* Task directions
Retype, word for word, every line from the one holding "F-Track 100Hz : Subsystem" through the one holding "From11 : From" in the entries below, both included, and only those lines.

(Records from a dataset)
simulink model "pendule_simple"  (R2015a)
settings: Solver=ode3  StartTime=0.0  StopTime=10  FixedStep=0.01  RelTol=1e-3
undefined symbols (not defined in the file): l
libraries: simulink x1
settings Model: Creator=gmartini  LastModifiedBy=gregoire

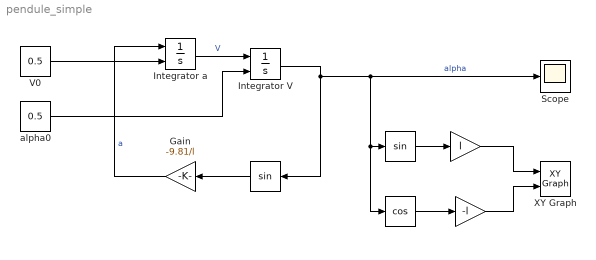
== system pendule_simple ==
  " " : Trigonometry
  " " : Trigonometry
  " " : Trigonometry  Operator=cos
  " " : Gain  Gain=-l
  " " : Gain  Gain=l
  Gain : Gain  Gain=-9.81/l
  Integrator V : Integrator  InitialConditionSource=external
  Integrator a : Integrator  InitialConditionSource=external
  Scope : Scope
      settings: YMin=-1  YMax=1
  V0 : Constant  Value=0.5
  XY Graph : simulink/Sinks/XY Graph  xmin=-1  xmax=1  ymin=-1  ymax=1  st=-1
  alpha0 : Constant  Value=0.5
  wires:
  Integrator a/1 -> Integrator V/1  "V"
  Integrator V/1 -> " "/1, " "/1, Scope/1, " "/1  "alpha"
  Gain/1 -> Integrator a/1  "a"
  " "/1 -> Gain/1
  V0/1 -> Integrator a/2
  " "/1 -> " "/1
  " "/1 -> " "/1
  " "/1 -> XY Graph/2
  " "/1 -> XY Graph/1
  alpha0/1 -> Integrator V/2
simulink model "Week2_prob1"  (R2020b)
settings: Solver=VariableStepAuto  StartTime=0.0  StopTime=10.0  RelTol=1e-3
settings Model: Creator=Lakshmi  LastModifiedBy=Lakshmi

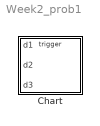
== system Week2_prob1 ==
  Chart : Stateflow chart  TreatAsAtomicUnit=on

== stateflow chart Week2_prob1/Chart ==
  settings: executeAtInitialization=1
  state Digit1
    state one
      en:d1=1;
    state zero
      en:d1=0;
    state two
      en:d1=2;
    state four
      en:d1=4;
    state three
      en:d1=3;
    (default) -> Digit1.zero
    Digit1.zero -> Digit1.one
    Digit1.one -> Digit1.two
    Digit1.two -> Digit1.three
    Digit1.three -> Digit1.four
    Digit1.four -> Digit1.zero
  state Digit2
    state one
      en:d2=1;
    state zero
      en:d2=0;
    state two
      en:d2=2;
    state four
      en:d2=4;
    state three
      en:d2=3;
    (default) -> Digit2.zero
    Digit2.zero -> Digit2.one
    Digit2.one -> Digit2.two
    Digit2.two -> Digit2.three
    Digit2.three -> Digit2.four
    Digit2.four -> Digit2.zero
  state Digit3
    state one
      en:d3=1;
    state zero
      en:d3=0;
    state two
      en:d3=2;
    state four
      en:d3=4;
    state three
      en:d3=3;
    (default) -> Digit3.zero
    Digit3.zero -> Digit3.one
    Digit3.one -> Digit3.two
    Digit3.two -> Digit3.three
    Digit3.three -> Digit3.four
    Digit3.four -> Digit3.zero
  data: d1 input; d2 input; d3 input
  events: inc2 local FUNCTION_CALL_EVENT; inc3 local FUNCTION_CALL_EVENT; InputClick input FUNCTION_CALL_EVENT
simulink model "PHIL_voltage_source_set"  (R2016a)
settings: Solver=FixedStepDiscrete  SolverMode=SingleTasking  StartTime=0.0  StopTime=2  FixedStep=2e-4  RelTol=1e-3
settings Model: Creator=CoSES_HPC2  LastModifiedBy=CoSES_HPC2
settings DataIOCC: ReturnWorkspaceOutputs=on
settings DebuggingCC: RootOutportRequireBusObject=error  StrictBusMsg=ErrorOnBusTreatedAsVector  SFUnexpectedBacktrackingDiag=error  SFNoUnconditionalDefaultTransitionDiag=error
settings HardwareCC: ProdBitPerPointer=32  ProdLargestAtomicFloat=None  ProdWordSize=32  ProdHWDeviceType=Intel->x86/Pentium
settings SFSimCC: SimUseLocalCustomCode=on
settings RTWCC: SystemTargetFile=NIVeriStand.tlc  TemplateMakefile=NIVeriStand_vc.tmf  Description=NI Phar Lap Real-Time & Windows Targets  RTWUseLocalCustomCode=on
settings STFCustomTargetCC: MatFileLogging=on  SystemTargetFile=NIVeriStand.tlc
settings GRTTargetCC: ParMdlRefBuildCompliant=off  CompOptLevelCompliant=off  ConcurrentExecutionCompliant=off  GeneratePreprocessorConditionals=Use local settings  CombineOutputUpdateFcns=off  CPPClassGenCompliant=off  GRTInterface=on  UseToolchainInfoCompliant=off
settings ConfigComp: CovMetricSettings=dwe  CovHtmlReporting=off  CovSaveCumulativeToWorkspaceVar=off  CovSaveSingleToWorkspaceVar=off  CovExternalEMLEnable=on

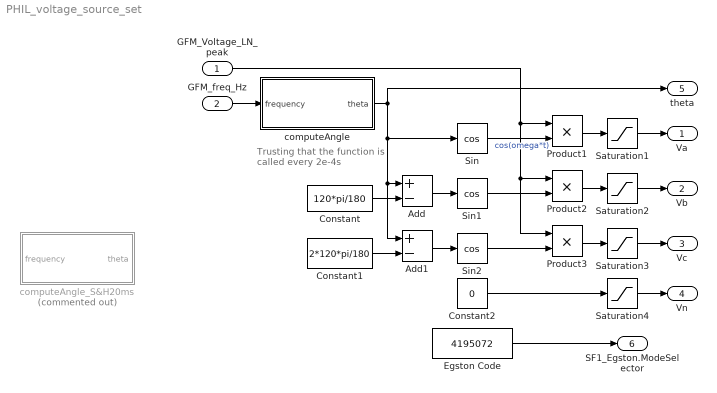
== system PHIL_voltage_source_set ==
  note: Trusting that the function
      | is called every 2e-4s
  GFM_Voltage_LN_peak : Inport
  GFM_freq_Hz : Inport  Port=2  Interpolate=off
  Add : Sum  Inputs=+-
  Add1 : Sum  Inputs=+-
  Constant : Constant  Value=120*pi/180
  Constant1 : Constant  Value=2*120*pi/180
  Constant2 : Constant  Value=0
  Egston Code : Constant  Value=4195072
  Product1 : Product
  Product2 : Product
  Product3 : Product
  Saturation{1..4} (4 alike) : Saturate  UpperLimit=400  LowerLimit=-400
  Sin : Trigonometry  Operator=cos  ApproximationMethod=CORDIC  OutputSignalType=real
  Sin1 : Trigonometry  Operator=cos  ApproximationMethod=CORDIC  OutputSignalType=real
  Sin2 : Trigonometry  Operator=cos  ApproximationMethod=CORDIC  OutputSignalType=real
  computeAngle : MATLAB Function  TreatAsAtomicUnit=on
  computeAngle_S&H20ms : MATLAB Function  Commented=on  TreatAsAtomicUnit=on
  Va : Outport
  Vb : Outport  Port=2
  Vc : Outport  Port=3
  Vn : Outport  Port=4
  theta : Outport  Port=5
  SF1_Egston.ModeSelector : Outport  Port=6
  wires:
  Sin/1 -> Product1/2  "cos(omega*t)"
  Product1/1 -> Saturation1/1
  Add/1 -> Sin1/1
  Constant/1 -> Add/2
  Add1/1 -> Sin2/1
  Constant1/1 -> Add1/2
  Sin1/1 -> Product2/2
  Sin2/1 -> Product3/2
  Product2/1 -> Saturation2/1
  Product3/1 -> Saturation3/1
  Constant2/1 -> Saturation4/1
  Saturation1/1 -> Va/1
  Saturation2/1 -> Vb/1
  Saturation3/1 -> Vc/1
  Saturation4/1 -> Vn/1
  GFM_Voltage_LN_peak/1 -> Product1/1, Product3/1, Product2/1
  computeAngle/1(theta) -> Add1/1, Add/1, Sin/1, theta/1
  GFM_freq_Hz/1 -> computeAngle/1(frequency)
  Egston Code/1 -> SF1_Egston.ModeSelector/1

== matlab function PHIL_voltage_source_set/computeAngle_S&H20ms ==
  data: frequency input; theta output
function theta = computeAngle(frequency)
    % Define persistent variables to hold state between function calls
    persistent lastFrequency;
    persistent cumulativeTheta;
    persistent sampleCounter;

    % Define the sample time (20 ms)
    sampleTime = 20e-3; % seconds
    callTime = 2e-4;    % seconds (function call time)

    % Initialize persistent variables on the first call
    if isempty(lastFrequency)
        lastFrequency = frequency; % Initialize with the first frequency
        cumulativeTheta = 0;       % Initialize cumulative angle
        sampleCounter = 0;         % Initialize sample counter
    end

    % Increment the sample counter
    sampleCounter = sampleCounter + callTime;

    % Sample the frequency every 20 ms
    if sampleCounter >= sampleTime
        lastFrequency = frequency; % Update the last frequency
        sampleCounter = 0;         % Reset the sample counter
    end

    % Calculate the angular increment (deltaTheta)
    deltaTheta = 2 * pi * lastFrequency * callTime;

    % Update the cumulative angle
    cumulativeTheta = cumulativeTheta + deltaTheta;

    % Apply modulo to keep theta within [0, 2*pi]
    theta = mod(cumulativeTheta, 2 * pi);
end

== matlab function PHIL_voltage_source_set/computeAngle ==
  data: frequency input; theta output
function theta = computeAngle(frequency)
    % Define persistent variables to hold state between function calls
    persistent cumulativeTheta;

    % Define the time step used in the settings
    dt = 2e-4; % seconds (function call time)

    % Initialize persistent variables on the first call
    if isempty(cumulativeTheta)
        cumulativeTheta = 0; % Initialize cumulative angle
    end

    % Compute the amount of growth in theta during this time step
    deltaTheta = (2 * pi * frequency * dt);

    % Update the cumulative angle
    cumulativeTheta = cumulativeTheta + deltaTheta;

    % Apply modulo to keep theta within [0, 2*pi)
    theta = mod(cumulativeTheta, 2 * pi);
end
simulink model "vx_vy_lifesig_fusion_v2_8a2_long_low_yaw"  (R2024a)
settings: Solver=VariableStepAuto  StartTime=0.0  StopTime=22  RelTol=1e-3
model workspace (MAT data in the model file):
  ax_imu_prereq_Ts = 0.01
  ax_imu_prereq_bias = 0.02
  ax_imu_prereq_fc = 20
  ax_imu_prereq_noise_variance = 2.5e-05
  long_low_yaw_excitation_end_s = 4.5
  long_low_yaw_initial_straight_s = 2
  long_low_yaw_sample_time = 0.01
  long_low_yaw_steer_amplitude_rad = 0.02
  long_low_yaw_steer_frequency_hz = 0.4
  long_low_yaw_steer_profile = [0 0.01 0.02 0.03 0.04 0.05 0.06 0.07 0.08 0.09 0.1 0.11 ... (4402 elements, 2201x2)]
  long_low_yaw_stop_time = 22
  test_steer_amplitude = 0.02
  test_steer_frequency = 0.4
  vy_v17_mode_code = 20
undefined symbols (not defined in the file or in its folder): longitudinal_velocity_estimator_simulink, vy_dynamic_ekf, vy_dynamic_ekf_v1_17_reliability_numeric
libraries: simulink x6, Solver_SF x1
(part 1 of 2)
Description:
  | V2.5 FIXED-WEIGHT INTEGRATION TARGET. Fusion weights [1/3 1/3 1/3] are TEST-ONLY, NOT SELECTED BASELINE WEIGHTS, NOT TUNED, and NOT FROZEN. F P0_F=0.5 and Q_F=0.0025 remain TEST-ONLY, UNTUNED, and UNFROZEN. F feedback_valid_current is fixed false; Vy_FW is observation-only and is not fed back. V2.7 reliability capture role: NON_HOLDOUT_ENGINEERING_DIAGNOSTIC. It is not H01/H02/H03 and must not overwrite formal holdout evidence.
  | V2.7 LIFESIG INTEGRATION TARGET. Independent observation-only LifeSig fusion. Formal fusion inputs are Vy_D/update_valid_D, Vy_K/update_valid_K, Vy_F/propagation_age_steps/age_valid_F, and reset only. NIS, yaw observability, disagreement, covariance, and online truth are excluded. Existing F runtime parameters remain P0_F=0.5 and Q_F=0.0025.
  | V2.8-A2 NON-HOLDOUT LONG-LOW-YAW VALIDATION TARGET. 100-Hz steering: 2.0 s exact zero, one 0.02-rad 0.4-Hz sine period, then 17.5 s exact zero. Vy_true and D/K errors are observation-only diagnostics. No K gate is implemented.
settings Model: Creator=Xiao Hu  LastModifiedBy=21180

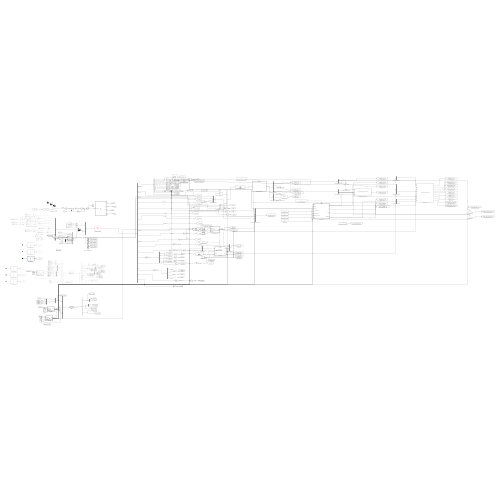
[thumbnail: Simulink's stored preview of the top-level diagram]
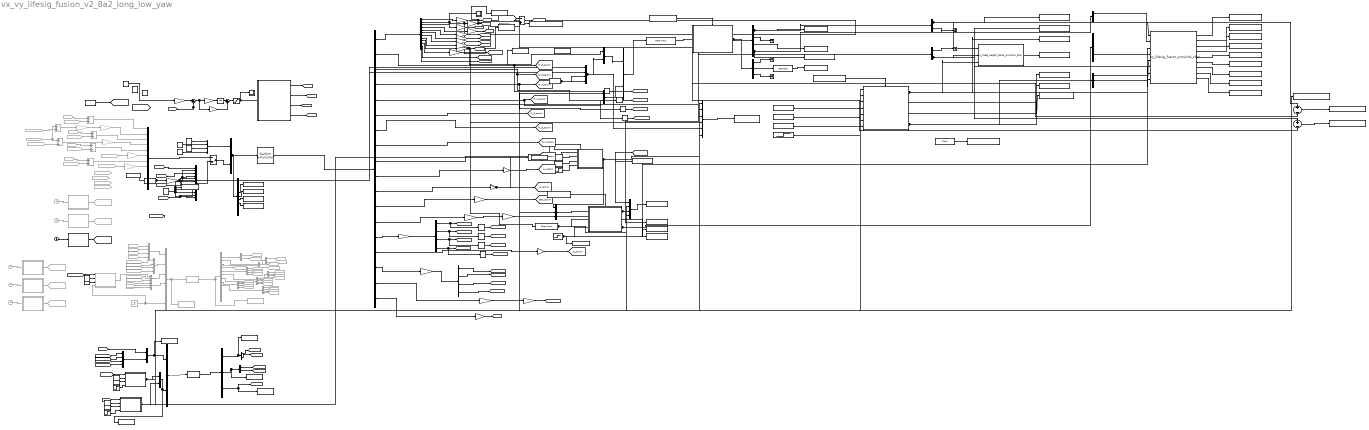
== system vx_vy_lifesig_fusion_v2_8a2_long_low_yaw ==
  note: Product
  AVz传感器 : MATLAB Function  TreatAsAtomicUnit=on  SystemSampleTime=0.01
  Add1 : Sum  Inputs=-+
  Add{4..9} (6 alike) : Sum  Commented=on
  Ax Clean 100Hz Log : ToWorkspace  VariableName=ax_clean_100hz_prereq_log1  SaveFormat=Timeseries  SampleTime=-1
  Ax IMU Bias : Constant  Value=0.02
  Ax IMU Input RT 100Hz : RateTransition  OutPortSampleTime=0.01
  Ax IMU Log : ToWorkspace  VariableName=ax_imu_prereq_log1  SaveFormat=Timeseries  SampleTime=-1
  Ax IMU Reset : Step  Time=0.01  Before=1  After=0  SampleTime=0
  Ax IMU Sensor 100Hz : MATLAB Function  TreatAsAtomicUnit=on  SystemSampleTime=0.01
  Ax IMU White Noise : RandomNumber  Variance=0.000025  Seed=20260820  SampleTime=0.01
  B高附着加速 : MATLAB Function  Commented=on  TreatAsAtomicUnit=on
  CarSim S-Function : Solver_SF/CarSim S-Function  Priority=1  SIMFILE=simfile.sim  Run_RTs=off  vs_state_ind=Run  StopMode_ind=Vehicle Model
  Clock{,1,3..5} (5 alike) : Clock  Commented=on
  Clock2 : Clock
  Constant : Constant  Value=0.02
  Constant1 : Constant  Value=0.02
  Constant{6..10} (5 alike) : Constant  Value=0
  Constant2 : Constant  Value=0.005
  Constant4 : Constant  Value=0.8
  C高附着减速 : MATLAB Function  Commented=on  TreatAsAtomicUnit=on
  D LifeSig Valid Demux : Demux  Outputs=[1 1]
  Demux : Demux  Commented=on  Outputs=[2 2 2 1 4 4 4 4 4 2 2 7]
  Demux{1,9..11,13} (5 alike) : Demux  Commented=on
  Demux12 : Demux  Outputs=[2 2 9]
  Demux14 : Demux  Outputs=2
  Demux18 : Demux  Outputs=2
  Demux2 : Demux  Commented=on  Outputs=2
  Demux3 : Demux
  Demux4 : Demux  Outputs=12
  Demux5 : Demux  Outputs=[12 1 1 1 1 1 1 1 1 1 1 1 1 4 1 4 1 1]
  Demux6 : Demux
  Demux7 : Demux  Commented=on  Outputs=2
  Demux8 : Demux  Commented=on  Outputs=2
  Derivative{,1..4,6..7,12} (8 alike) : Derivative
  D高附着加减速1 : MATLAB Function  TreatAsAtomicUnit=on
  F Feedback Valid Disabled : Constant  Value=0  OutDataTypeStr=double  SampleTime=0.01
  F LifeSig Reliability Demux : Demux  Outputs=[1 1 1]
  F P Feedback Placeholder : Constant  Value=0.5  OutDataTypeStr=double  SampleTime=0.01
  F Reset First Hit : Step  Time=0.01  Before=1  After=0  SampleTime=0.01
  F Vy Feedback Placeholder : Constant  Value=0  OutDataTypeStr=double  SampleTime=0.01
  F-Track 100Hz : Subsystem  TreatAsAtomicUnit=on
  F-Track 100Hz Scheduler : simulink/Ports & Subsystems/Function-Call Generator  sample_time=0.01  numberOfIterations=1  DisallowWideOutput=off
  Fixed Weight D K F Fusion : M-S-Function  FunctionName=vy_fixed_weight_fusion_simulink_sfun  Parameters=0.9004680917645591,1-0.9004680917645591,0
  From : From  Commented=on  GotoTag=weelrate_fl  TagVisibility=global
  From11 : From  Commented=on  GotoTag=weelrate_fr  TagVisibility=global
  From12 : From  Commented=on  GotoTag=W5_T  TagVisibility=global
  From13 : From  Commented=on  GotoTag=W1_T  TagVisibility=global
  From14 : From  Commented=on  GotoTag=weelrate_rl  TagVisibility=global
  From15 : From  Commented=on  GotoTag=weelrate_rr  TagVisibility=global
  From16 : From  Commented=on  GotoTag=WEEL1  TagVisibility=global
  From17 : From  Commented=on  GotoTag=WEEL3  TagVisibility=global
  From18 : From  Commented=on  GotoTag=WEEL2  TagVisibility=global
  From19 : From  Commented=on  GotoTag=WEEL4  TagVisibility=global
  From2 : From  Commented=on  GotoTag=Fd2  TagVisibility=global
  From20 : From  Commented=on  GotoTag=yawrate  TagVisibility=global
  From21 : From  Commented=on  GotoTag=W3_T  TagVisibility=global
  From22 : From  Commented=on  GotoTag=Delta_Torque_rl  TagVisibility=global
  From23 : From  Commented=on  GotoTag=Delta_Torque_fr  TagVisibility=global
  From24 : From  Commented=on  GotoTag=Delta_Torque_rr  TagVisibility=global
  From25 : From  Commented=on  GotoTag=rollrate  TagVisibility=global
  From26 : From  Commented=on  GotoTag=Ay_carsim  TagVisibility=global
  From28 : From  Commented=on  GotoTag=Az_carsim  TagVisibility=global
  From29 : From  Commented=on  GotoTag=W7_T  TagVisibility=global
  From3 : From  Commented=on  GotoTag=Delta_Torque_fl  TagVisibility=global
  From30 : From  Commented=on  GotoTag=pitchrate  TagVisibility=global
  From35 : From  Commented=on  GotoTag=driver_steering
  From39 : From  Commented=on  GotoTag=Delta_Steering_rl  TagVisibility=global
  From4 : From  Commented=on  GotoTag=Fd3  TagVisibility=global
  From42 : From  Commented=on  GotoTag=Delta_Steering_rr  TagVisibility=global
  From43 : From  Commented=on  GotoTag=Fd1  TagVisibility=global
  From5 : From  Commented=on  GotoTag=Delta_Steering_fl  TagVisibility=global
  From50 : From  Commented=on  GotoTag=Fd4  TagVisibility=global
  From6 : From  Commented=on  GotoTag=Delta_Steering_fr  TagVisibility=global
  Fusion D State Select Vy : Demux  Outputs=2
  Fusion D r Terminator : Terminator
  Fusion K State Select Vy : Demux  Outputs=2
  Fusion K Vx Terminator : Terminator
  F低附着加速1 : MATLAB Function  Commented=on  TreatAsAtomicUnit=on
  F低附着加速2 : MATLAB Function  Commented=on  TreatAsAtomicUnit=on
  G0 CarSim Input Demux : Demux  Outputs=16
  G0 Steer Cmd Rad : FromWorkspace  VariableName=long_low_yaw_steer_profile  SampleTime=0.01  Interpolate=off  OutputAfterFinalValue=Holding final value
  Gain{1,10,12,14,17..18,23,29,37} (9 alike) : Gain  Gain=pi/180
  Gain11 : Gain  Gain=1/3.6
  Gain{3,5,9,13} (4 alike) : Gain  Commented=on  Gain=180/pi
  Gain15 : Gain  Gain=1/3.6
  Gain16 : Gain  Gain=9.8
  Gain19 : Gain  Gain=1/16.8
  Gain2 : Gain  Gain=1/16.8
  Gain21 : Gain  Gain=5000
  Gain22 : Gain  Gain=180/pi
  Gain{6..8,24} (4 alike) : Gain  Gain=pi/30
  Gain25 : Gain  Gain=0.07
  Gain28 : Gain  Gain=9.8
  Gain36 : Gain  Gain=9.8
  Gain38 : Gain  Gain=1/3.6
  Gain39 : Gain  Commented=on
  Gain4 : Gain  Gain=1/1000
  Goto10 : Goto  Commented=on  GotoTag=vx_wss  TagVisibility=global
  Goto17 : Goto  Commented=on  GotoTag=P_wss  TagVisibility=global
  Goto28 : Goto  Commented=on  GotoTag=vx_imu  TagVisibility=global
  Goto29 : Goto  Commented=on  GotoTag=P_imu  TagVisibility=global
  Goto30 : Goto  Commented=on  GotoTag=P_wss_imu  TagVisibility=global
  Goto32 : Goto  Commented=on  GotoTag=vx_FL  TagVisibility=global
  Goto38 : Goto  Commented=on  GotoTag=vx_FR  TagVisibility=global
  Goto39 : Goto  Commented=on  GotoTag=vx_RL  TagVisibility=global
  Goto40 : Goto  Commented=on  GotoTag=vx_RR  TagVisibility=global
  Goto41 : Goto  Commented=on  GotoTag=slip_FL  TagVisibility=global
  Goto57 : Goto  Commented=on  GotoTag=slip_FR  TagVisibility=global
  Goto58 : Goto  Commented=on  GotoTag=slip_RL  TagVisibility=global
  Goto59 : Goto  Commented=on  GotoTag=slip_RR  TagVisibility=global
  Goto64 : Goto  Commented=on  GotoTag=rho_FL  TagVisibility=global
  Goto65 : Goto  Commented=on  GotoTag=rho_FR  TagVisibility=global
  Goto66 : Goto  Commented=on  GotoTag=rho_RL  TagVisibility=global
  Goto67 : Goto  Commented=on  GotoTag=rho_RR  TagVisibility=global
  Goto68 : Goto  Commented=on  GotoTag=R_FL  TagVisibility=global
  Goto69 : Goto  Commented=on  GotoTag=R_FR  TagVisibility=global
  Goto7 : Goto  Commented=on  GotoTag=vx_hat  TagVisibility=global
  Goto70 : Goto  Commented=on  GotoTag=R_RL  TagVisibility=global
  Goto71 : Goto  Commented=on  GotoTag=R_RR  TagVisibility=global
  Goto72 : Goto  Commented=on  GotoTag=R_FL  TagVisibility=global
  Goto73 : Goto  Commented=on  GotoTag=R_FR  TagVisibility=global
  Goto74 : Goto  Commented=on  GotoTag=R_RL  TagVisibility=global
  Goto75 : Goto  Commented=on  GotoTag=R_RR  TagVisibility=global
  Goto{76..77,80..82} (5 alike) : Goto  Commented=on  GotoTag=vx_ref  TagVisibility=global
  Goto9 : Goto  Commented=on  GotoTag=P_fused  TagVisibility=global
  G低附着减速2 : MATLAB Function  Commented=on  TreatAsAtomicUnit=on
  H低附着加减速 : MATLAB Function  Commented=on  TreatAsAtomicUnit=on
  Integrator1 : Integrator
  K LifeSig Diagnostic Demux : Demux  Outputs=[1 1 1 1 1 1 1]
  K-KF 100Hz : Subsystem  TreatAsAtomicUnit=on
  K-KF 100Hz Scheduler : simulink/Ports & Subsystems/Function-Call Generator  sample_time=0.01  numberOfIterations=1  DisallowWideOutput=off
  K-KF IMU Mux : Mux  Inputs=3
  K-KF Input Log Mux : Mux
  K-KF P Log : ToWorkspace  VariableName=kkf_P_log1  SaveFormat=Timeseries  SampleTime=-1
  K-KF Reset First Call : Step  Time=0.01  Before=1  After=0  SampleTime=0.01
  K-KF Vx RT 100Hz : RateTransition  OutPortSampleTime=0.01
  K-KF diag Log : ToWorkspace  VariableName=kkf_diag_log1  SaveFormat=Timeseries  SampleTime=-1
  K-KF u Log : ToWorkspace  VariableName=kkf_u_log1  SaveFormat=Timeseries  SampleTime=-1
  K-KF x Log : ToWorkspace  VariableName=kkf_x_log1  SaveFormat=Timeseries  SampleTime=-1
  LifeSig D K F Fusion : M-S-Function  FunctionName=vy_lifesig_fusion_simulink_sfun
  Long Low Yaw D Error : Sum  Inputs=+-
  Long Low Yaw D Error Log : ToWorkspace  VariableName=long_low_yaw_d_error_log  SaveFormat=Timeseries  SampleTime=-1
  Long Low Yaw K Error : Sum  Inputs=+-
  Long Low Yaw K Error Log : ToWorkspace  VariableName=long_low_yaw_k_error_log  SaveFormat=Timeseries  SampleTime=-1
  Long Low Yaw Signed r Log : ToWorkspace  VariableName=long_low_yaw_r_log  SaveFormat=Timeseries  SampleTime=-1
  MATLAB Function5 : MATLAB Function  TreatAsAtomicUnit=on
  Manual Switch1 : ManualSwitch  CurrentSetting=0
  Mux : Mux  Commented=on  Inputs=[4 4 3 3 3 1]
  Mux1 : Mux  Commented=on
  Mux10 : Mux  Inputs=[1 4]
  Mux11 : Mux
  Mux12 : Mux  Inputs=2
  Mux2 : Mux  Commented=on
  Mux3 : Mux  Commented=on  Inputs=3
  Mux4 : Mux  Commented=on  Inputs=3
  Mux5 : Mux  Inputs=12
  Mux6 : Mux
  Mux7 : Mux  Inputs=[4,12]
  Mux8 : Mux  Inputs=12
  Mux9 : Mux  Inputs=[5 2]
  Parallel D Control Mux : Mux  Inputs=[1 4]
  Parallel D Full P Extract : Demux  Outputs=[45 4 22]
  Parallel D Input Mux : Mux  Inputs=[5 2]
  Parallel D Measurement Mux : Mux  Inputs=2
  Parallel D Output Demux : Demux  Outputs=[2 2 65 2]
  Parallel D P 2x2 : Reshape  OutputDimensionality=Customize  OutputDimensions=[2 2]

* Response to the exercise
  F-Track 100Hz : Subsystem  TreatAsAtomicUnit=on
  F-Track 100Hz Scheduler : simulink/Ports & Subsystems/Function-Call Generator  sample_time=0.01  numberOfIterations=1  DisallowWideOutput=off
  Fixed Weight D K F Fusion : M-S-Function  FunctionName=vy_fixed_weight_fusion_simulink_sfun  Parameters=0.9004680917645591,1-0.9004680917645591,0
  From : From  Commented=on  GotoTag=weelrate_fl  TagVisibility=global
  From11 : From  Commented=on  GotoTag=weelrate_fr  TagVisibility=global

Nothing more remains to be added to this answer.